(MATERIAL FOR THIS EXERCISE Opens)

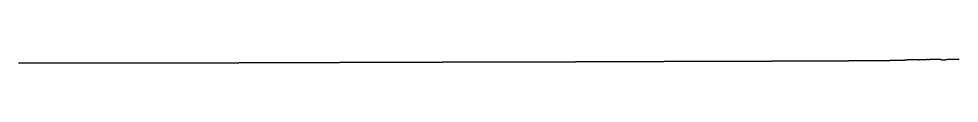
# Model space of a CAD drawing. Extents: x 0 to 74012, y -1199 to 50.
# Drawn here: x 37006 to 74012, y -102 to 50 of the extents above; entities that cross this region are included whole.
import ezdxf

# ---------------------------------------------------------------- set-up
doc = ezdxf.new("R2010")
doc.units = 0
doc.layers.add('TIN_interpolation', color=1, linetype='CONTINUOUS')

msp = doc.modelspace()

# ---------------------------------------------------------------- linework, layer by layer
at = {"layer": 'TIN_interpolation', "color": 7}
msp.add_polyline3d([(36993, -101, 0), (37008, -101, 0), (37022, -101, 0), (37037, -101, 0), (37052, -101, 0), (37067, -101, 0), (37081, -101, 0), (37096, -101, 0), (37111, -100, 0), (37126, -100, 0), (37140, -100, 0), (37155, -100, 0), (37170, -100, 0), (37185, -100, 0), (37199, -100, 0), (37214, -100, 0), (37229, -100, 0), (37244, -100, 0), (37258, -100, 0), (37273, -100, 0), (37288, -100, 0), (37303, -100, 0), (37317, -100, 0), (37332, -100, 0), (37347, -100, 0), (37362, -100, 0), (37376, -100, 0), (37391, -100, 0), (37406, -100, 0), (37421, -100, 0), (37435, -99, 0), (37450, -100, 0), (37465, -100, 0), (37480, -100, 0), (37494, -100, 0), (37509, -100, 0), (37524, -100, 0), (37539, -100, 0), (37553, -100, 0), (37568, -100, 0), (37583, -100, 0), (37598, -100, 0), (37612, -100, 0), (37627, -100, 0), (37642, -100, 0), (37656, -100, 0), (37671, -100, 0), (37686, -100, 0), (37701, -100, 0), (37715, -100, 0), (37730, -100, 0), (37745, -100, 0), (37760, -100, 0), (37774, -100, 0), (37789, -100, 0), (37804, -100, 0), (37819, -100, 0), (37833, -100, 0), (37848, -100, 0), (37863, -100, 0), (37878, -100, 0), (37892, -100, 0), (37907, -100, 0), (37922, -100, 0), (37937, -100, 0), (37951, -100, 0), (37966, -100, 0), (37981, -100, 0), (37996, -100, 0), (38010, -100, 0), (38025, -100, 0), (38040, -100, 0), (38055, -100, 0), (38069, -100, 0), (38084, -100, 0), (38099, -100, 0), (38114, -100, 0), (38128, -100, 0), (38143, -100, 0), (38158, -100, 0), (38173, -100, 0), (38187, -100, 0), (38202, -100, 0), (38217, -101, 0), (38232, -101, 0), (38246, -101, 0), (38261, -101, 0), (38276, -101, 0), (38291, -101, 0), (38305, -101, 0), (38320, -101, 0), (38335, -101, 0), (38350, -101, 0), (38364, -101, 0), (38379, -101, 0), (38394, -101, 0), (38408, -101, 0), (38423, -101, 0), (38438, -102, 0), (38453, -102, 0), (38467, -102, 0), (38482, -102, 0), (38497, -102, 0), (38512, -102, 0), (38526, -102, 0), (38541, -102, 0), (38556, -102, 0), (38571, -102, 0), (38585, -102, 0), (38600, -102, 0), (38615, -102, 0), (38630, -101, 0), (38644, -101, 0), (38659, -101, 0), (38674, -101, 0), (38689, -101, 0), (38703, -101, 0), (38718, -101, 0), (38733, -101, 0), (38748, -101, 0), (38762, -101, 0), (38777, -101, 0), (38792, -101, 0), (38807, -101, 0), (38821, -101, 0), (38836, -101, 0), (38851, -101, 0), (38866, -101, 0), (38880, -101, 0), (38895, -101, 0), (38910, -101, 0), (38925, -101, 0), (38939, -100, 0), (38954, -100, 0), (38969, -100, 0), (38984, -100, 0), (38998, -100, 0), (39013, -100, 0), (39028, -100, 0), (39043, -100, 0), (39057, -100, 0), (39072, -100, 0), (39087, -100, 0), (39101, -100, 0), (39116, -100, 0), (39131, -100, 0), (39146, -100, 0), (39160, -100, 0), (39175, -100, 0), (39190, -100, 0), (39205, -100, 0), (39219, -100, 0), (39234, -100, 0), (39249, -100, 0), (39264, -100, 0), (39278, -100, 0), (39293, -100, 0), (39308, -100, 0), (39323, -100, 0), (39337, -100, 0), (39352, -100, 0), (39367, -100, 0), (39382, -100, 0), (39396, -100, 0), (39411, -100, 0), (39426, -100, 0), (39441, -100, 0), (39455, -100, 0), (39470, -100, 0), (39485, -100, 0), (39500, -100, 0), (39514, -100, 0), (39529, -100, 0), (39544, -100, 0), (39559, -100, 0), (39573, -100, 0), (39588, -100, 0), (39603, -100, 0), (39618, -100, 0), (39632, -100, 0), (39647, -100, 0), (39662, -100, 0), (39677, -100, 0), (39691, -100, 0), (39706, -100, 0), (39721, -100, 0), (39736, -100, 0), (39750, -100, 0), (39765, -100, 0), (39780, -100, 0), (39795, -100, 0), (39809, -100, 0), (39824, -100, 0), (39839, -100, 0), (39853, -100, 0), (39868, -100, 0), (39883, -100, 0), (39898, -100, 0), (39912, -100, 0), (39927, -100, 0), (39942, -100, 0), (39957, -100, 0), (39971, -100, 0), (39986, -100, 0), (40001, -100, 0), (40016, -100, 0), (40030, -100, 0), (40045, -100, 0), (40060, -100, 0), (40075, -100, 0), (40089, -100, 0), (40104, -100, 0), (40119, -100, 0), (40134, -100, 0), (40148, -100, 0), (40163, -99, 0), (40178, -99, 0), (40193, -99, 0), (40207, -99, 0), (40222, -99, 0), (40237, -99, 0), (40252, -99, 0), (40266, -99, 0), (40281, -99, 0), (40296, -98, 0), (40311, -98, 0), (40325, -98, 0), (40340, -98, 0), (40355, -98, 0), (40370, -98, 0), (40384, -98, 0), (40399, -98, 0), (40414, -98, 0), (40429, -97, 0), (40443, -97, 0), (40458, -97, 0), (40473, -97, 0), (40488, -97, 0), (40502, -97, 0), (40517, -97, 0), (40532, -97, 0), (40547, -97, 0), (40561, -96, 0), (40576, -96, 0), (40591, -96, 0), (40605, -96, 0), (40620, -96, 0), (40635, -96, 0), (40650, -96, 0), (40664, -96, 0), (40679, -96, 0), (40694, -96, 0), (40709, -96, 0), (40723, -95, 0), (40738, -95, 0), (40753, -95, 0), (40768, -95, 0), (40782, -95, 0), (40797, -95, 0), (40812, -95, 0), (40827, -95, 0), (40841, -95, 0), (40856, -95, 0), (40871, -95, 0), (40886, -95, 0), (40900, -95, 0), (40915, -95, 0), (40930, -95, 0), (40945, -95, 0), (40959, -95, 0), (40974, -95, 0), (40989, -95, 0), (41004, -95, 0), (41018, -95, 0), (41033, -95, 0), (41048, -95, 0), (41063, -95, 0), (41077, -95, 0), (41092, -95, 0), (41107, -95, 0), (41122, -95, 0), (41136, -95, 0), (41151, -95, 0), (41166, -95, 0), (41181, -95, 0), (41195, -95, 0), (41210, -95, 0), (41225, -95, 0), (41240, -95, 0), (41254, -95, 0), (41269, -95, 0), (41284, -95, 0), (41299, -95, 0), (41313, -95, 0), (41328, -95, 0), (41343, -95, 0), (41357, -95, 0), (41372, -95, 0), (41387, -95, 0), (41402, -95, 0), (41416, -95, 0), (41431, -95, 0), (41446, -95, 0), (41461, -95, 0), (41475, -95, 0), (41490, -95, 0), (41505, -95, 0), (41520, -95, 0), (41534, -95, 0), (41549, -95, 0), (41564, -95, 0), (41579, -95, 0), (41593, -95, 0), (41608, -95, 0), (41623, -95, 0), (41638, -95, 0), (41652, -95, 0), (41667, -95, 0), (41682, -95, 0), (41697, -95, 0), (41711, -95, 0), (41726, -95, 0), (41741, -95, 0), (41756, -95, 0), (41770, -95, 0), (41785, -95, 0), (41800, -95, 0), (41815, -95, 0), (41829, -95, 0), (41844, -95, 0), (41859, -95, 0), (41874, -95, 0), (41888, -95, 0), (41903, -95, 0), (41918, -95, 0), (41933, -95, 0), (41947, -95, 0), (41962, -95, 0), (41977, -95, 0), (41992, -95, 0), (42006, -95, 0), (42021, -95, 0), (42036, -95, 0), (42050, -95, 0), (42065, -95, 0), (42080, -95, 0), (42095, -95, 0), (42109, -95, 0), (42124, -95, 0), (42139, -95, 0), (42154, -95, 0), (42168, -95, 0), (42183, -95, 0), (42198, -95, 0), (42213, -95, 0), (42227, -95, 0), (42242, -95, 0), (42257, -95, 0), (42272, -95, 0), (42286, -95, 0), (42301, -96, 0), (42316, -96, 0), (42331, -96, 0), (42345, -96, 0), (42360, -96, 0), (42375, -96, 0), (42390, -96, 0), (42404, -96, 0), (42419, -96, 0), (42434, -97, 0), (42449, -97, 0), (42463, -97, 0), (42478, -97, 0), (42493, -97, 0), (42508, -97, 0), (42522, -97, 0), (42537, -97, 0), (42552, -97, 0), (42567, -97, 0), (42581, -98, 0), (42596, -98, 0), (42611, -98, 0), (42626, -98, 0), (42640, -98, 0), (42655, -98, 0), (42670, -98, 0), (42685, -98, 0), (42699, -98, 0), (42714, -98, 0), (42729, -98, 0), (42744, -98, 0), (42758, -98, 0), (42773, -98, 0), (42788, -98, 0), (42802, -98, 0), (42817, -98, 0), (42832, -98, 0), (42847, -98, 0), (42861, -98, 0), (42876, -98, 0), (42891, -98, 0), (42906, -98, 0), (42920, -98, 0), (42935, -98, 0), (42950, -98, 0), (42965, -98, 0), (42979, -98, 0), (42994, -98, 0), (43009, -98, 0), (43024, -98, 0), (43038, -98, 0), (43053, -98, 0), (43068, -98, 0), (43083, -98, 0), (43097, -98, 0), (43112, -98, 0), (43127, -97, 0), (43142, -97, 0), (43156, -97, 0), (43171, -97, 0), (43186, -97, 0), (43201, -97, 0), (43215, -97, 0), (43230, -97, 0), (43245, -97, 0), (43260, -97, 0), (43274, -97, 0), (43289, -97, 0), (43304, -97, 0), (43319, -97, 0), (43333, -97, 0), (43348, -97, 0), (43363, -97, 0), (43378, -97, 0), (43392, -97, 0), (43407, -97, 0), (43422, -97, 0), (43437, -97, 0), (43451, -97, 0), (43466, -98, 0), (43481, -98, 0), (43496, -98, 0), (43510, -98, 0), (43525, -98, 0), (43540, -98, 0), (43554, -98, 0), (43569, -98, 0), (43584, -98, 0), (43599, -98, 0), (43613, -98, 0), (43628, -98, 0), (43643, -98, 0), (43658, -98, 0), (43672, -97, 0), (43687, -97, 0), (43702, -97, 0), (43717, -97, 0), (43731, -97, 0), (43746, -97, 0), (43761, -97, 0), (43776, -96, 0), (43790, -96, 0), (43805, -96, 0), (43820, -96, 0), (43835, -96, 0), (43849, -96, 0), (43864, -96, 0), (43879, -96, 0), (43894, -95, 0), (43908, -95, 0), (43923, -95, 0), (43938, -95, 0), (43953, -95, 0), (43967, -95, 0), (43982, -95, 0), (43997, -95, 0), (44012, -95, 0), (44026, -95, 0), (44041, -95, 0), (44056, -95, 0), (44071, -95, 0), (44085, -95, 0), (44100, -95, 0), (44115, -95, 0), (44130, -95, 0), (44144, -95, 0), (44159, -95, 0), (44174, -95, 0), (44189, -95, 0), (44203, -95, 0), (44218, -95, 0), (44233, -95, 0), (44248, -95, 0), (44262, -95, 0), (44277, -95, 0), (44292, -95, 0), (44306, -95, 0), (44321, -95, 0), (44336, -95, 0), (44351, -94, 0), (44365, -94, 0), (44380, -94, 0), (44395, -94, 0), (44410, -94, 0), (44424, -94, 0), (44439, -94, 0), (44454, -94, 0), (44469, -94, 0), (44483, -94, 0), (44498, -94, 0), (44513, -94, 0), (44528, -94, 0), (44542, -94, 0), (44557, -94, 0), (44572, -94, 0), (44587, -94, 0), (44601, -94, 0), (44616, -94, 0), (44631, -94, 0), (44646, -94, 0), (44660, -94, 0), (44675, -94, 0), (44690, -94, 0), (44705, -94, 0), (44719, -94, 0), (44734, -94, 0), (44749, -94, 0), (44764, -94, 0), (44778, -94, 0), (44793, -94, 0), (44808, -94, 0), (44823, -94, 0), (44837, -94, 0), (44852, -94, 0), (44867, -94, 0), (44882, -94, 0), (44896, -94, 0), (44911, -94, 0), (44926, -94, 0), (44941, -94, 0), (44955, -94, 0), (44970, -94, 0), (44985, -94, 0), (44999, -94, 0), (45014, -94, 0), (45029, -94, 0), (45044, -94, 0), (45058, -94, 0), (45073, -94, 0), (45088, -94, 0), (45103, -94, 0), (45117, -94, 0), (45132, -94, 0), (45147, -94, 0), (45162, -94, 0), (45176, -94, 0), (45191, -94, 0), (45206, -94, 0), (45221, -93, 0), (45235, -93, 0), (45250, -93, 0), (45265, -93, 0), (45280, -93, 0), (45290, -93, 0), (45300, -93, 0), (45310, -93, 0), (45320, -93, 0), (45331, -93, 0), (45341, -93, 0), (45351, -93, 0), (45361, -93, 0), (45371, -93, 0), (45382, -92, 0), (45392, -92, 0), (45402, -92, 0), (45412, -92, 0), (45423, -92, 0), (45433, -92, 0), (45443, -92, 0), (45453, -92, 0), (45463, -92, 0), (45474, -92, 0), (45484, -92, 0), (45494, -92, 0), (45504, -92, 0), (45514, -92, 0), (45525, -92, 0), (45535, -92, 0), (45545, -92, 0), (45555, -92, 0), (45565, -92, 0), (45576, -92, 0), (45586, -92, 0), (45596, -92, 0), (45606, -92, 0), (45616, -92, 0), (45627, -92, 0), (45637, -92, 0), (45647, -92, 0), (45657, -92, 0), (45667, -92, 0), (45678, -91, 0), (45688, -91, 0), (45698, -91, 0), (45708, -91, 0), (45718, -91, 0), (45729, -91, 0), (45739, -91, 0), (45749, -91, 0), (45759, -91, 0), (45769, -91, 0), (45780, -91, 0), (45780, -91, 0), (45790, -91, 0), (45800, -91, 0), (45810, -91, 0), (45820, -91, 0), (45830, -91, 0), (45840, -90, 0), (45850, -90, 0), (45860, -90, 0), (45871, -90, 0), (45881, -90, 0), (45891, -90, 0), (45901, -90, 0), (45911, -90, 0), (45921, -90, 0), (45931, -90, 0), (45941, -90, 0), (45951, -90, 0), (45962, -90, 0), (45972, -90, 0), (45982, -90, 0), (45992, -90, 0), (46002, -90, 0), (46012, -90, 0), (46022, -90, 0), (46032, -90, 0), (46042, -90, 0), (46052, -90, 0), (46063, -90, 0), (46073, -90, 0), (46083, -90, 0), (46093, -90, 0), (46103, -90, 0), (46113, -90, 0), (46123, -90, 0), (46134, -91, 0), (46144, -90, 0), (46155, -90, 0), (46165, -90, 0), (46176, -91, 0), (46186, -91, 0), (46196, -90, 0), (46207, -91, 0), (46217, -91, 0), (46228, -91, 0), (46238, -90, 0), (46249, -91, 0), (46259, -91, 0), (46269, -91, 0), (46280, -91, 0), (46290, -91, 0), (46301, -91, 0), (46311, -91, 0), (46321, -91, 0), (46332, -91, 0), (46342, -91, 0), (46353, -91, 0), (46363, -91, 0), (46374, -91, 0), (46384, -91, 0), (46394, -91, 0), (46405, -91, 0), (46415, -91, 0), (46426, -91, 0), (46436, -90, 0), (46447, -90, 0), (46457, -90, 0), (46467, -90, 0), (46478, -90, 0), (46488, -90, 0), (46499, -90, 0), (46509, -90, 0), (46519, -90, 0), (46530, -90, 0), (46540, -90, 0), (46551, -90, 0), (46561, -90, 0), (46572, -90, 0), (46582, -90, 0), (46592, -90, 0), (46603, -90, 0), (46613, -90, 0), (46624, -90, 0), (46634, -90, 0), (46644, -90, 0), (46655, -90, 0), (46665, -90, 0), (46676, -90, 0), (46686, -90, 0), (46697, -90, 0), (46707, -90, 0), (46717, -90, 0), (46728, -90, 0), (46738, -90, 0), (46749, -90, 0), (46759, -90, 0), (46770, -90, 0), (46780, -90, 0), (46791, -90, 0), (46801, -90, 0), (46812, -90, 0), (46823, -90, 0), (46834, -90, 0), (46844, -89, 0), (46855, -89, 0), (46866, -89, 0), (46877, -89, 0), (46887, -89, 0), (46898, -89, 0), (46909, -89, 0), (46920, -89, 0), (46931, -89, 0), (46941, -89, 0), (46952, -89, 0), (46963, -89, 0), (46974, -89, 0), (46984, -89, 0), (46995, -89, 0), (47006, -89, 0), (47017, -89, 0), (47027, -89, 0), (47038, -89, 0), (47049, -89, 0), (47060, -89, 0), (47070, -89, 0), (47081, -89, 0), (47092, -89, 0), (47103, -89, 0), (47113, -89, 0), (47124, -89, 0), (47136, -89, 0), (47147, -89, 0), (47158, -89, 0), (47169, -89, 0), (47180, -88, 0), (47191, -88, 0), (47202, -88, 0), (47213, -88, 0), (47224, -88, 0), (47236, -88, 0), (47247, -88, 0), (47258, -88, 0), (47269, -88, 0), (47280, -88, 0), (47291, -88, 0), (47302, -88, 0), (47313, -88, 0), (47325, -88, 0), (47336, -88, 0), (47347, -88, 0), (47358, -88, 0), (47369, -88, 0), (47380, -88, 0), (47391, -88, 0), (47402, -88, 0), (47413, -88, 0), (47425, -88, 0), (47436, -88, 0), (47447, -88, 0), (47458, -88, 0), (47470, -88, 0), (47481, -87, 0), (47493, -87, 0), (47504, -87, 0), (47516, -87, 0), (47527, -87, 0), (47539, -87, 0), (47550, -87, 0), (47562, -87, 0), (47573, -87, 0), (47585, -87, 0), (47596, -87, 0), (47608, -87, 0), (47619, -87, 0), (47631, -87, 0), (47642, -87, 0), (47654, -87, 0), (47665, -87, 0), (47677, -87, 0), (47688, -87, 0), (47700, -87, 0), (47711, -87, 0), (47723, -87, 0), (47734, -87, 0), (47746, -87, 0), (47757, -87, 0), (47769, -87, 0), (47780, -87, 0), (47795, -87, 0), (47809, -87, 0), (47824, -87, 0), (47838, -87, 0), (47852, -87, 0), (47867, -86, 0), (47881, -86, 0), (47896, -86, 0), (47910, -86, 0), (47925, -86, 0), (47939, -86, 0), (47954, -86, 0), (47968, -86, 0), (47983, -86, 0), (47997, -86, 0), (48012, -86, 0), (48026, -86, 0), (48040, -86, 0), (48055, -86, 0), (48069, -85, 0), (48084, -85, 0), (48098, -85, 0), (48113, -85, 0), (48127, -85, 0), (48142, -85, 0), (48156, -85, 0), (48171, -85, 0), (48185, -85, 0), (48200, -85, 0), (48214, -85, 0), (48228, -84, 0), (48243, -84, 0), (48257, -84, 0), (48272, -84, 0), (48286, -84, 0), (48301, -84, 0), (48315, -84, 0), (48330, -84, 0), (48344, -83, 0), (48359, -83, 0), (48373, -83, 0), (48388, -83, 0), (48402, -83, 0), (48416, -83, 0), (48431, -83, 0), (48445, -83, 0), (48460, -83, 0), (48474, -83, 0), (48489, -83, 0), (48503, -83, 0), (48518, -83, 0), (48532, -83, 0), (48547, -82, 0), (48561, -82, 0), (48576, -82, 0), (48590, -82, 0), (48604, -82, 0), (48619, -82, 0), (48633, -82, 0), (48648, -82, 0), (48662, -82, 0), (48677, -82, 0), (48691, -82, 0), (48706, -82, 0), (48720, -82, 0), (48735, -82, 0), (48749, -82, 0), (48763, -82, 0), (48778, -81, 0), (48792, -81, 0), (48807, -81, 0), (48821, -81, 0), (48836, -81, 0), (48850, -81, 0), (48865, -81, 0), (48879, -81, 0), (48894, -81, 0), (48908, -81, 0), (48923, -81, 0), (48937, -81, 0), (48951, -81, 0), (48966, -81, 0), (48980, -81, 0), (48995, -81, 0), (49009, -81, 0), (49024, -80, 0), (49038, -80, 0), (49053, -80, 0), (49067, -80, 0), (49082, -80, 0), (49096, -80, 0), (49111, -80, 0), (49125, -80, 0), (49139, -80, 0), (49154, -80, 0), (49168, -80, 0), (49183, -80, 0), (49197, -80, 0), (49212, -80, 0), (49226, -80, 0), (49241, -80, 0), (49255, -80, 0), (49270, -80, 0), (49284, -80, 0), (49299, -80, 0), (49313, -80, 0), (49327, -80, 0), (49342, -80, 0), (49356, -79, 0), (49371, -79, 0), (49385, -79, 0), (49400, -79, 0), (49414, -79, 0), (49429, -79, 0), (49443, -79, 0), (49458, -79, 0), (49472, -79, 0), (49486, -79, 0), (49501, -79, 0), (49515, -79, 0), (49530, -79, 0), (49544, -79, 0), (49559, -79, 0), (49573, -79, 0), (49588, -79, 0), (49602, -79, 0), (49617, -79, 0), (49631, -79, 0), (49646, -78, 0), (49660, -78, 0), (49674, -78, 0), (49689, -78, 0), (49703, -78, 0), (49718, -78, 0), (49732, -78, 0), (49747, -78, 0), (49761, -78, 0), (49776, -78, 0), (49790, -78, 0), (49805, -78, 0), (49819, -78, 0), (49834, -78, 0), (49848, -78, 0), (49862, -78, 0), (49877, -78, 0), (49891, -78, 0), (49906, -78, 0), (49920, -78, 0), (49935, -78, 0), (49949, -78, 0), (49964, -78, 0), (49978, -78, 0), (49993, -78, 0), (50007, -77, 0), (50022, -77, 0), (50036, -77, 0), (50050, -77, 0), (50065, -77, 0), (50079, -77, 0), (50094, -77, 0), (50108, -77, 0), (50123, -77, 0), (50137, -77, 0), (50152, -77, 0), (50166, -76, 0), (50181, -76, 0), (50195, -76, 0), (50209, -76, 0), (50224, -76, 0), (50238, -76, 0), (50253, -76, 0), (50267, -76, 0), (50282, -76, 0), (50296, -76, 0), (50311, -76, 0), (50325, -76, 0), (50340, -76, 0), (50354, -76, 0), (50369, -76, 0), (50383, -76, 0), (50397, -76, 0), (50412, -76, 0), (50426, -76, 0), (50441, -76, 0), (50455, -76, 0), (50470, -76, 0), (50484, -76, 0), (50499, -75, 0), (50513, -75, 0), (50528, -75, 0), (50542, -75, 0), (50557, -75, 0), (50571, -75, 0), (50585, -75, 0), (50600, -75, 0), (50614, -75, 0), (50629, -75, 0), (50643, -75, 0), (50658, -75, 0), (50672, -75, 0), (50687, -75, 0), (50701, -75, 0), (50716, -75, 0), (50730, -75, 0), (50745, -75, 0), (50759, -75, 0), (50773, -75, 0), (50788, -75, 0), (50802, -75, 0), (50817, -75, 0), (50831, -75, 0), (50846, -75, 0), (50860, -75, 0), (50875, -74, 0), (50889, -74, 0), (50904, -74, 0), (50918, -74, 0), (50933, -74, 0), (50947, -74, 0), (50961, -74, 0), (50976, -74, 0), (50990, -74, 0), (51005, -74, 0), (51019, -74, 0), (51034, -74, 0), (51048, -74, 0), (51063, -74, 0), (51077, -74, 0), (51092, -74, 0), (51106, -74, 0), (51120, -74, 0), (51135, -74, 0), (51149, -74, 0), (51164, -74, 0), (51178, -74, 0), (51193, -73, 0), (51207, -73, 0), (51222, -73, 0), (51236, -73, 0), (51251, -73, 0), (51265, -73, 0), (51280, -73, 0), (51294, -73, 0), (51308, -73, 0), (51323, -73, 0), (51337, -73, 0), (51352, -73, 0), (51366, -73, 0), (51381, -73, 0), (51395, -73, 0), (51410, -72, 0), (51424, -72, 0), (51439, -72, 0), (51453, -72, 0), (51468, -72, 0), (51482, -72, 0), (51496, -72, 0), (51511, -72, 0), (51525, -72, 0), (51540, -72, 0), (51554, -72, 0), (51569, -72, 0), (51583, -72, 0), (51598, -72, 0), (51612, -72, 0), (51627, -72, 0), (51641, -72, 0), (51656, -72, 0), (51670, -72, 0), (51684, -72, 0), (51699, -71, 0), (51713, -71, 0), (51728, -71, 0), (51742, -71, 0), (51757, -71, 0), (51771, -71, 0), (51786, -71, 0), (51800, -71, 0), (51815, -71, 0), (51829, -71, 0), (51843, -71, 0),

(MATERIAL FOR THIS EXERCISE Closes)

TASK INSTRUCTIONS | Which lines in the listing above hold the word "color"? Show each of them.

SOLUTION BELOW |
doc.layers.add('TIN_interpolation', color=1, linetype='CONTINUOUS')
at = {"layer": 'TIN_interpolation', "color": 7}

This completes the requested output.